BEGIN Input data
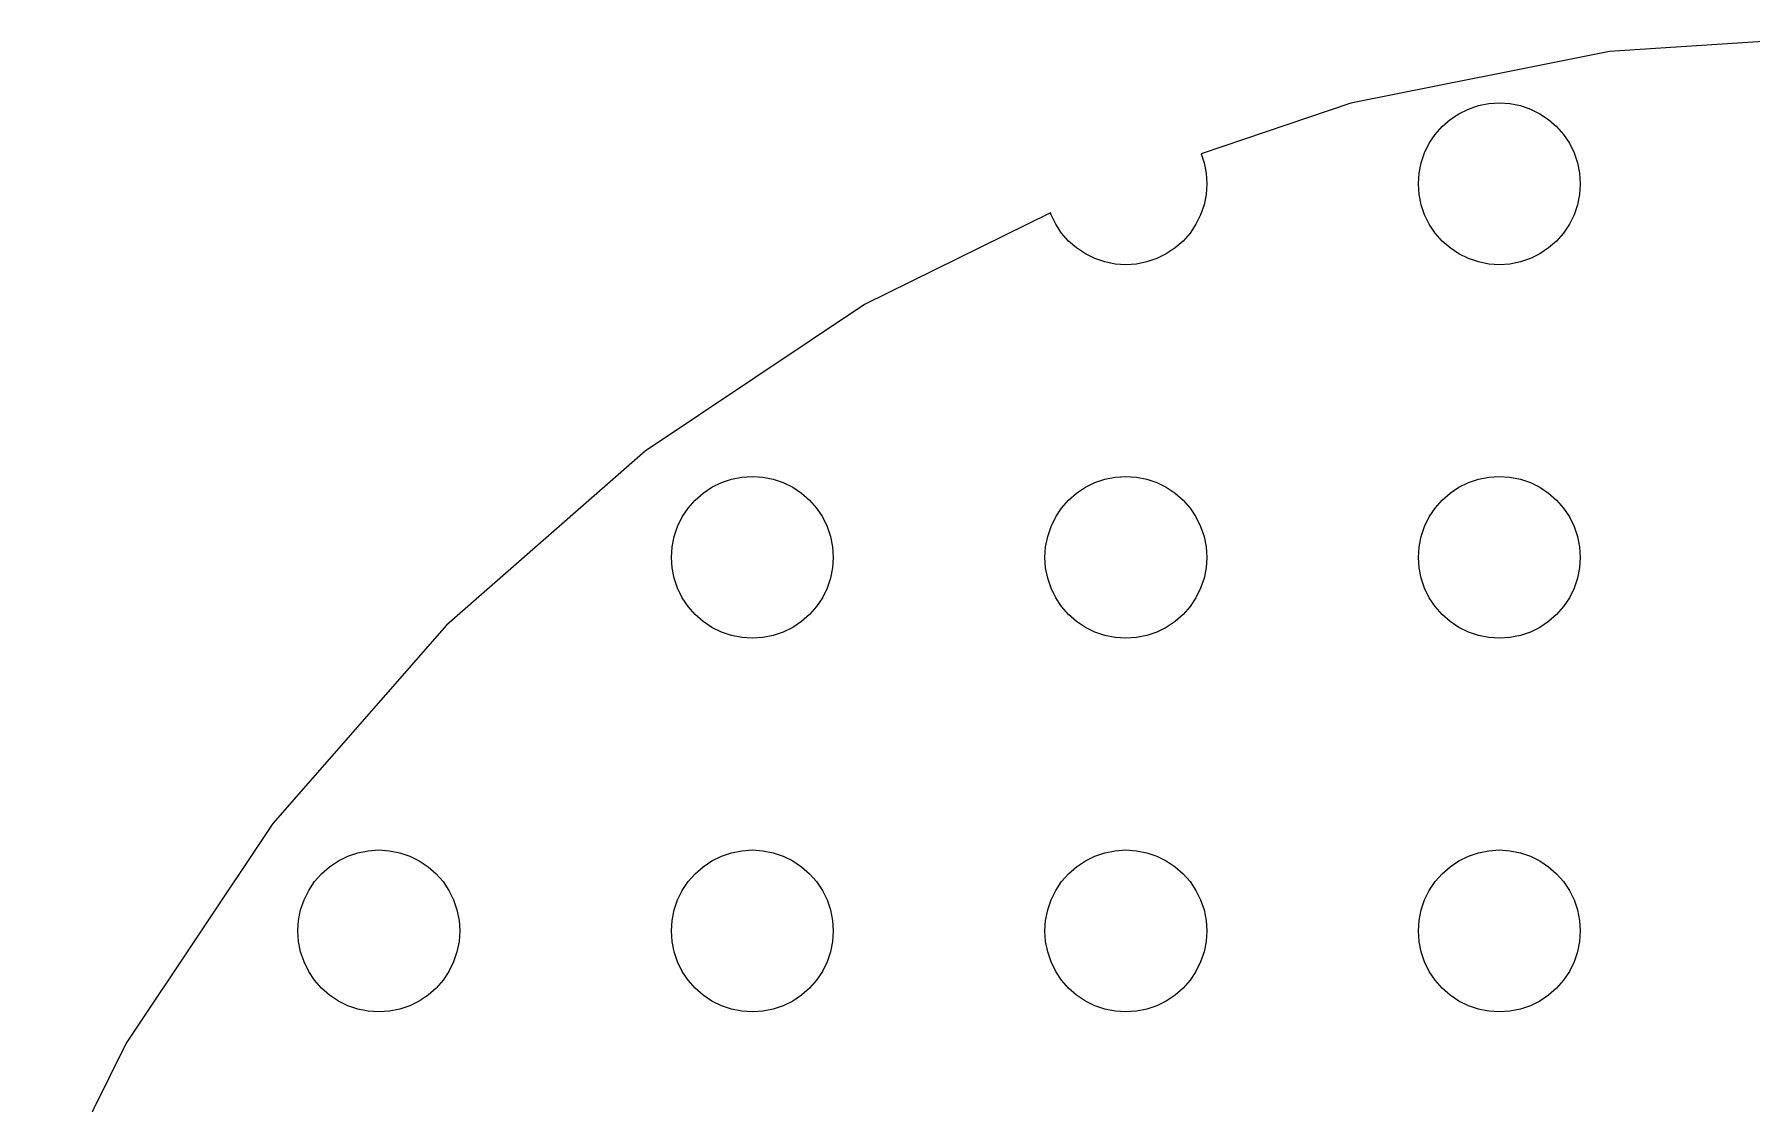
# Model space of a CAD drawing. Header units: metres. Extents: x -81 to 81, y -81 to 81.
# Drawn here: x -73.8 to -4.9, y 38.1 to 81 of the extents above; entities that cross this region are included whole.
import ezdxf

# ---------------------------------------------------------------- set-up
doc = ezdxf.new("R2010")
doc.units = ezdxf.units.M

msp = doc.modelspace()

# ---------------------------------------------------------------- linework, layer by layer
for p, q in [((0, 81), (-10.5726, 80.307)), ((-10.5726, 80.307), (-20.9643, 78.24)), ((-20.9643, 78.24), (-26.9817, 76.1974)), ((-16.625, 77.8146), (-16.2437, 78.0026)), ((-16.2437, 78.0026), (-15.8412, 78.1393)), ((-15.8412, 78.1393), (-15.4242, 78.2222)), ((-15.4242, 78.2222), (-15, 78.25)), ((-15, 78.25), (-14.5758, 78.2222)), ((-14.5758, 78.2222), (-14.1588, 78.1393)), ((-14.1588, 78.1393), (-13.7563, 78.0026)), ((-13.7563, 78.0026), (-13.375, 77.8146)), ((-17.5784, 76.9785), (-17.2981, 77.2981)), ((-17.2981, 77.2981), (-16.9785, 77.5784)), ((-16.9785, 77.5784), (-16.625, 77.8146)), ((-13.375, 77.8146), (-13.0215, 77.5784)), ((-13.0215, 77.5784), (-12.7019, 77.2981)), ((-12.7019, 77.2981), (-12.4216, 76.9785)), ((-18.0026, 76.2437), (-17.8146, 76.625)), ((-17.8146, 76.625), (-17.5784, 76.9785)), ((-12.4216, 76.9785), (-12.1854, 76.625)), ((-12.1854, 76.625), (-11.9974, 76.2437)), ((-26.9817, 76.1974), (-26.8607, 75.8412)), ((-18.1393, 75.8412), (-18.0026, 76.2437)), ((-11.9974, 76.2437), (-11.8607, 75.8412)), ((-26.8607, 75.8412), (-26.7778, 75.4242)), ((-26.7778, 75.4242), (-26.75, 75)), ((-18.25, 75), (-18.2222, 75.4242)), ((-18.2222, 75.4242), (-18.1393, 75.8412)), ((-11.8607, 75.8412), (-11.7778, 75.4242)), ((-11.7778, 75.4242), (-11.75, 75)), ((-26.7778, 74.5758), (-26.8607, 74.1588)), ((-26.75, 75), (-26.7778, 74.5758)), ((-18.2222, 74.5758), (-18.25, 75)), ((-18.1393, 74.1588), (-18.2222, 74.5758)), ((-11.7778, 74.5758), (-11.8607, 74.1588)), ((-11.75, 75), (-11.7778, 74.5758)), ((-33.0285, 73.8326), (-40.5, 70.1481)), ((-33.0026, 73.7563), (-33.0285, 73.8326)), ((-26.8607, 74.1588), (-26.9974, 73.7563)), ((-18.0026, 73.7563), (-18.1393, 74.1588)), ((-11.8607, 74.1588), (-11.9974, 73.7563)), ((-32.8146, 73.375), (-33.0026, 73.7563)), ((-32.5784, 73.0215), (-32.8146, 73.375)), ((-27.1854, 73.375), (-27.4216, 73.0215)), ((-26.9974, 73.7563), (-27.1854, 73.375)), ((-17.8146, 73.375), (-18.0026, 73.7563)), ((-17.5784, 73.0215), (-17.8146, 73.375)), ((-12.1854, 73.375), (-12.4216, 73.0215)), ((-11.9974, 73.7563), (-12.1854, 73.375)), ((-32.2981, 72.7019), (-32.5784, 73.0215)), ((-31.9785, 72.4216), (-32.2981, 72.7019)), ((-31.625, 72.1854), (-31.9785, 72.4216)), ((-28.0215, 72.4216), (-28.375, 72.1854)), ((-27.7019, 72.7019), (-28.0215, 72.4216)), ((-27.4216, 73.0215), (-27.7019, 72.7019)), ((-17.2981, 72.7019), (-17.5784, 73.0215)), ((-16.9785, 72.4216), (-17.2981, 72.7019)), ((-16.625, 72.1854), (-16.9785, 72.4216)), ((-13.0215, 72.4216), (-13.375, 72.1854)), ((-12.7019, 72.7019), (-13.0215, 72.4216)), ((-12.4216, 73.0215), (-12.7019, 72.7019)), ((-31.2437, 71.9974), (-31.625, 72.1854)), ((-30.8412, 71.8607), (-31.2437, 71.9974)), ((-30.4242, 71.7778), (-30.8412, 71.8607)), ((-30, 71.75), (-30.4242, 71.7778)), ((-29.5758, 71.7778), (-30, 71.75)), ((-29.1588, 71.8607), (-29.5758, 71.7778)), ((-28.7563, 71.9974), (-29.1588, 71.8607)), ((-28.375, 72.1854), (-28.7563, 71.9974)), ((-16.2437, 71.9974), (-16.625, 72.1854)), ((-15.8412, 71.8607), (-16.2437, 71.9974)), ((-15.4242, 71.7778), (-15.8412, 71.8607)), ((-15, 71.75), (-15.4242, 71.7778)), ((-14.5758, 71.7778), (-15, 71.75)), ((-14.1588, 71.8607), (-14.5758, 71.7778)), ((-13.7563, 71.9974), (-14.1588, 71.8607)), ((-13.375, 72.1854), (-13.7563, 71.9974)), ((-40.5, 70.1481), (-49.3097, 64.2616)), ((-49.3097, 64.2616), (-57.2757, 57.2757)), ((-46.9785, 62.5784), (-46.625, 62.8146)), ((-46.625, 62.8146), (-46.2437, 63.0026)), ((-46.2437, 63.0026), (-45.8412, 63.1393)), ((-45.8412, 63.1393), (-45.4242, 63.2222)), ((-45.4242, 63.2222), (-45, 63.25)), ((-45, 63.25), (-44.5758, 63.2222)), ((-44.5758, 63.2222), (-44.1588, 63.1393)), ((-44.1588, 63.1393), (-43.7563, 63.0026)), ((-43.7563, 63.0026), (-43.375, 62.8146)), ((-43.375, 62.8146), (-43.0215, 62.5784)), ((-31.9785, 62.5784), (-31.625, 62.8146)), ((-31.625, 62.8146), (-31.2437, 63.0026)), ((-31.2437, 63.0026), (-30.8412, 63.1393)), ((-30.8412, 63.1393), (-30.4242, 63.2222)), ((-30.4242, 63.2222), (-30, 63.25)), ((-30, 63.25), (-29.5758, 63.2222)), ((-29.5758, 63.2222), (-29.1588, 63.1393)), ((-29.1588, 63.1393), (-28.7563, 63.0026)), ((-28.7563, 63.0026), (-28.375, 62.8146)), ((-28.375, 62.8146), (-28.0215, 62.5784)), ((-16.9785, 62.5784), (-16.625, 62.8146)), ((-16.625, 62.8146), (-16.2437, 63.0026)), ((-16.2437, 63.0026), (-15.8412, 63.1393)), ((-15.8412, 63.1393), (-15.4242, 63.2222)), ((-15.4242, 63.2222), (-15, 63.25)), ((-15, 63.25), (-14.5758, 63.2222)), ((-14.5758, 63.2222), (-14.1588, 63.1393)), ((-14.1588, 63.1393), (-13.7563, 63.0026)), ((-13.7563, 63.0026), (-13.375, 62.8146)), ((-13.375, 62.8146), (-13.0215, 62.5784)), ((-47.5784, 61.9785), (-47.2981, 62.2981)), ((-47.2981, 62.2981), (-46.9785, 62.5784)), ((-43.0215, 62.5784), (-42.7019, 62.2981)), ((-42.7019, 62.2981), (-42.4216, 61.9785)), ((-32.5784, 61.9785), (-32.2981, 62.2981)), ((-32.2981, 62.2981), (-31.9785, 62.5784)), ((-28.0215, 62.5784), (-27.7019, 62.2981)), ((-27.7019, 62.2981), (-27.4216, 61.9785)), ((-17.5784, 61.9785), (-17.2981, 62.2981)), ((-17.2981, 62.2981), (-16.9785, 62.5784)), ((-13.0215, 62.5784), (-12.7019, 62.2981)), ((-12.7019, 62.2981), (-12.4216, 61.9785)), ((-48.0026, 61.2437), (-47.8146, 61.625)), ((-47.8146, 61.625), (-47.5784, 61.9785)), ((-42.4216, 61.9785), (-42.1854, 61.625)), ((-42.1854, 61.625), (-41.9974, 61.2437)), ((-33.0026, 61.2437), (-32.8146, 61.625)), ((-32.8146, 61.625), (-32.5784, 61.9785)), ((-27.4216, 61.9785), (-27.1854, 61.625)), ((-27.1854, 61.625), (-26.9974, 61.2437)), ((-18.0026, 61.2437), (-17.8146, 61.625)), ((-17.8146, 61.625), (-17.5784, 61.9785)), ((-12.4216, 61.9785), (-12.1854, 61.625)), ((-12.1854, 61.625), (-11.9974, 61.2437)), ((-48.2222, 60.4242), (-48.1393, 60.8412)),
END Input data
Where does the string "ezdxf" appear in the records above? Show every line that holds it.

_Answer to the exercise:_
import ezdxf
doc = ezdxf.new("R2010")
doc.units = ezdxf.units.M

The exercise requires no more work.